*Your objective*
Write out every line from the listing below where the string "ezdxf" is found.

━━━ Given entries ━━━

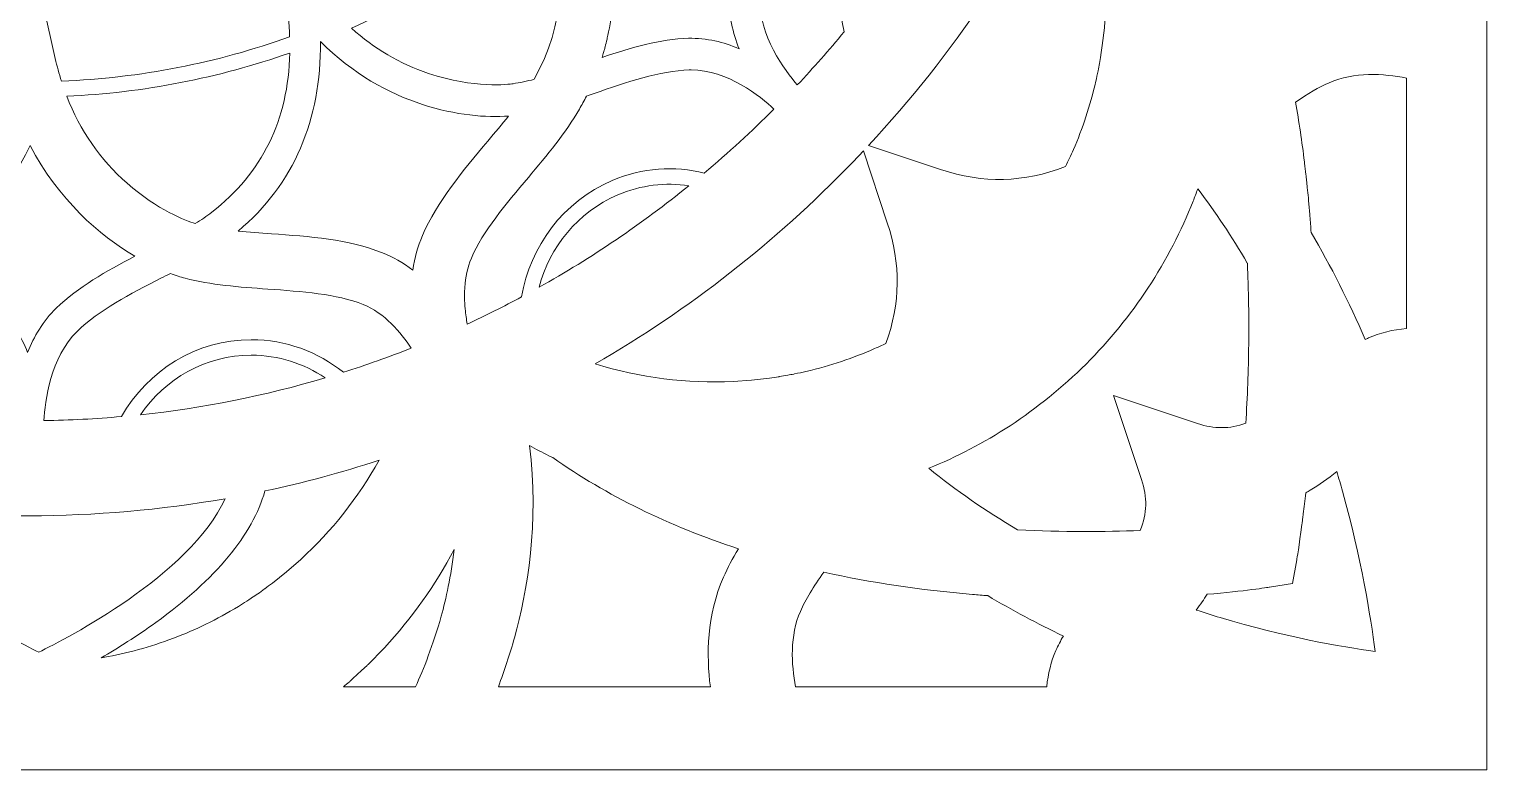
# Model space of a CAD drawing. Header units: millimetres. Extents: x -965 to 732, y -534 to 696.
# Drawn here: x -775 to -584.6, y -114.8 to -18.1 of the extents above; entities that cross this region are included whole.
import ezdxf

# ---------------------------------------------------------------- set-up
doc = ezdxf.new("R2010")
doc.units = ezdxf.units.MM
doc.header["$MEASUREMENT"] = 0
doc.layers.add('Layer 7', color=7, linetype='Continuous')

msp = doc.modelspace()

# ---------------------------------------------------------------- linework, layer by layer
at = {"layer": 'Layer 7', "lineweight": 0}
msp.add_lwpolyline([(-965.4706965423935, 266.0942050181481), (-965.4706965423935, -114.8244460361641), (-584.552153124355, -114.8244460361641), (-584.552153124355, 266.0942050181481), (-965.4706965423935, 266.0942050181481)], dxfattribs=at)
for points, knots in [([(-668.5222869091749, -18.41170995815681), (-670.4822357766924, -20.78091345712535), (-672.5190799965627, -23.09199336948677), (-674.6342403675625, -25.34081646242385), (-676.2498177480821, -23.46768701148952), (-679.6678290764256, -18.89702037903941), (-679.5372878063662, -13.88108401870362), (-679.4339569857384, -9.912577743462515), (-677.9614927917886, -5.395815355777388), (-676.5372496474632, -1.027763240777132), (-676.3929309346555, -0.5852490014364727), (-676.2480955677398, -0.1406681456859133), (-676.1041212909971, 0.3050321272903381), (-675.4338487011888, 0.628371486840506), (-674.8307411447902, 0.9555857521607601), (-674.3077149743799, 1.275222423970134), (-671.3589977897238, 3.077656371794535), (-668.4839899237812, 5.668073935923196), (-665.7009464881971, 8.175482407480494), (-662.3506168473679, 11.19446455016583), (-658.8862788677784, 14.31651918642285), (-655.5032278004114, 15.87216469098069), (-652.7808051129334, 17.12393147387141), (-649.5475837354796, 16.88997327416379), (-647.193018769436, 16.42765396087188), (-648.6596706047252, 13.0413307508573), (-650.2529672770461, 9.730094603829215), (-651.9560529462859, 6.488348433673933), (-656.117551056302, 5.937336832675891), (-660.1396601947398, 4.021583418232114), (-663.3294395730209, 0.7298079090902854), (-668.3507362196806, -4.45214663639273), (-670.079008776448, -11.76133834253588), (-668.5222869091749, -18.41170995815681)], [0, 0, 0, 0, 1, 1, 1, 2, 2, 2, 3, 3, 3, 4, 4, 4, 5, 5, 5, 6, 6, 6, 7, 7, 7, 8, 8, 8, 9, 9, 9, 10, 10, 10, 11, 11, 11, 11]), ([(-638.3003683461819, 6.778535821605497), (-637.8491570961073, 5.674876548279161), (-637.4382448660754, 4.567256260164243), (-637.0717648889148, 3.463941422909966), (-635.4680705527685, -1.327853165684966), (-634.563495327185, -6.225389627386469), (-634.3615696818752, -11.12981481046436), (-634.3030155501871, -12.55379962773456), (-634.3006906067204, -13.97838720812847), (-634.3612252458066, -15.40142482620933), (-634.3612252458066, -15.40142482620933), (-634.5219046718844, -17.87180642037537), (-634.5219046718844, -17.87180642037537), (-634.5219046718844, -17.87180642037537), (-634.7878093169649, -20.20458580507315), (-634.7878093169649, -20.20458580507315), (-634.8542854782374, -20.60258168252311), (-634.913872918131, -21.00074977801199), (-634.9734603580279, -21.40072616285913), (-634.9734603580279, -21.40072616285913), (-634.98413787616, -21.4727133012311), (-634.98413787616, -21.4727133012311), (-635.0375254668179, -21.82791299713847), (-635.0905686214072, -22.18276825697763), (-635.1508449334376, -22.5366763176313), (-635.2142211700908, -22.84305220079439), (-635.2755307903296, -23.15183913643622), (-635.3468290565643, -23.51220537337765), (-635.4384490508544, -23.97486912273777), (-635.5297246090762, -24.43684399996468), (-635.626166708328, -24.86161978176078), (-636.3791039546401, -28.06410024007856), (-637.3697020883919, -31.0678410867185), (-638.5717839683647, -33.79146930044206), (-638.9021842673234, -34.54285658444049), (-639.2517007680999, -35.27392214038311), (-639.6095698435389, -35.99525737738708), (-645.0153217246974, -38.11474472650126), (-650.3607972938221, -38.2460609777162), (-655.9253342026801, -36.39015333021995), (-655.9253342026801, -36.39015333021995), (-665.3299027331271, -33.25337405201824), (-665.3299027331271, -33.25337405201824), (-654.3043319540747, -21.37816560035321), (-645.228269324208, -7.936720235021498), (-638.3003683461819, 6.778535821605497)], [0, 0, 0, 0, 1, 1, 1, 2, 2, 2, 3, 3, 3, 4, 4, 4, 5, 5, 5, 6, 6, 6, 7, 7, 7, 8, 8, 8, 9, 9, 9, 10, 10, 10, 11, 11, 11, 12, 12, 12, 13, 13, 13, 14, 14, 14, 15, 15, 15, 15]), ([(-722.7974247344467, -23.83399477061413), (-726.5567722069297, -22.56715890971502), (-729.9226014708535, -20.59190416439385), (-732.8655493513585, -17.93922978083699), (-723.8254802906778, -13.86291501607492), (-715.3690581485127, -8.452685466023539), (-707.7416075148327, -1.807480391432811), (-704.5796844036139, -9.798397186670368), (-704.9980881181388, -17.44384460493919), (-709.0084433757324, -24.60733985399799), (-709.9582258353405, -24.85197557183743), (-710.8835533340647, -25.05415954419993), (-711.7734039177074, -25.18349528801769), (-712.2749028338204, -25.25668795263), (-716.8490138269556, -25.83861269080039), (-722.7974247344467, -23.83399477061413)], [0, 0, 0, 0, 1, 1, 1, 2, 2, 2, 3, 3, 3, 4, 4, 4, 5, 5, 5, 5]), ([(-682.2421442543399, -20.60413164483294), (-684.23091811536, -19.75914385914982), (-686.4718191787157, -19.1858300226975), (-688.8453281285417, -19.24800073310528), (-692.5268330494865, -19.33979294543171), (-696.3616120210291, -20.46472114600321), (-700.1350813723326, -21.73491525857427), (-700.1006377654567, -21.62512626165548), (-700.0718773537153, -21.51447617456714), (-700.0386392730773, -21.40451495961585), (-699.9785351790794, -21.20543091187302), (-699.9204977014924, -21.00600242805812), (-699.8641824042509, -20.80622950817887), (-699.8226778579665, -20.65829421664699), (-699.7799677854376, -20.51044503413232), (-699.7406159645839, -20.36207919751245), (-699.6528708760661, -20.03245387971023), (-699.5708089826869, -19.70196747173204), (-699.4939136303339, -19.37070608260342), (-699.4673920530394, -19.25635330777557), (-699.4432815282271, -19.14165609687822), (-699.4180515861899, -19.02713110401401), (-699.3578613831726, -18.75450995559002), (-699.3013738678985, -18.48137215306531), (-699.2485029313417, -18.20763158741627), (-699.2286978573904, -18.10473131187644), (-699.2079455842463, -18.00200325436654), (-699.1890877094809, -17.89893076079036), (-699.1231282023125, -17.53813397876479), (-699.0631963263507, -17.17647610656582), (-699.0098087356929, -16.81395714419729), (-698.9989589995247, -16.73998949842813), (-698.9898314437021, -16.66576352561055), (-698.9794983616416, -16.59170977082804), (-698.9352383268028, -16.27500080560134), (-698.8958003969329, -15.95760296824142), (-698.861184572021, -15.6396884767731), (-698.8520570161984, -15.55530163992761), (-698.8421544792228, -15.47108702111784), (-698.8336296865209, -15.38661407525193), (-698.7955695009211, -15.00988712504777), (-698.7633647284955, -14.63238519368612), (-698.7389097676112, -14.25410828116827), (-698.7354654069234, -14.20115123559906), (-698.7333987905128, -14.14802197199285), (-698.7302988658931, -14.09497881740321), (-698.7102354648864, -13.75992863151595), (-698.6960274770498, -13.42418957349098), (-698.6864693761427, -13.08801997038123), (-698.6839722146435, -13.00113597203658), (-698.6812167260962, -12.91433808270784), (-698.6794945457503, -12.82736797534726), (-698.6719169522376, -12.44909106283326), (-698.669505899755, -12.07029749621407), (-698.6753613129255, -11.69072894843867), (-698.6760501850625, -11.63699692171261), (-698.6786334555776, -11.58326489498591), (-698.6796667637864, -11.52953286825986), (-698.6862971581066, -11.20206027588412), (-698.6984385295324, -10.87415713842488), (-698.7149714608317, -10.54582345588021), (-698.7204824379337, -10.4376705302904), (-698.7259934150325, -10.32951760469802), (-698.7323654823036, -10.22127857009163), (-698.7544954997215, -9.855918010153147), (-698.7805865319316, -9.49021301414581), (-698.8150301388074, -9.123819146004621), (-698.8226077323203, -9.042876669843157), (-698.8328547053644, -8.961589757616691), (-698.8410350619977, -8.880561172443148), (-698.8704843458797, -8.589426585321599), (-698.9037224265143, -8.298033671151622), (-698.9410076309571, -8.006468538945935), (-698.9593488516186, -7.861633172030507), (-698.9786372714689, -7.71688391413486), (-698.9989589995247, -7.571962438202861), (-699.0365886400364, -7.304335612777211), (-699.0780070773078, -7.036364351282709), (-699.1222671121433, -6.768306980767787), (-699.157571809192, -6.552776110742432), (-699.1959764308566, -6.337159131700506), (-699.2355865787626, -6.121456043638159), (-699.2757133807733, -5.903514121129561), (-699.3168734909926, -5.685572198621605), (-699.3613057438604, -5.467458058077298), (-699.4010881098025, -5.271818371022335), (-699.4427648741229, -5.076178683967372), (-699.4859916007529, -4.8803667788767), (-699.5214685158339, -4.720376224939512), (-699.5592703743818, -4.560299561981903), (-699.5970722329291, -4.400136790008365), (-699.6914477157668, -3.998696551867323), (-699.7932285740849, -3.596997986677851), (-699.9022425898506, -3.19495498541632), (-699.9263531146629, -3.10617658869362), (-699.9492581132334, -3.01748430098685), (-699.9740575101863, -2.928619795247579), (-700.0469057387268, -2.667709473161323), (-700.1231983279591, -2.406713042059136), (-700.2021602967225, -2.145630501936529), (-700.2170571566958, -2.096290035087687), (-700.2327289978256, -2.046863459222273), (-700.2478841848513, -1.997436883353009), (-700.3222823757017, -1.754781672912026), (-700.3930639878316, -1.512298680503543), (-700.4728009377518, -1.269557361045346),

━━━

*Written solution*
import ezdxf
doc = ezdxf.new("R2010")
doc.units = ezdxf.units.MM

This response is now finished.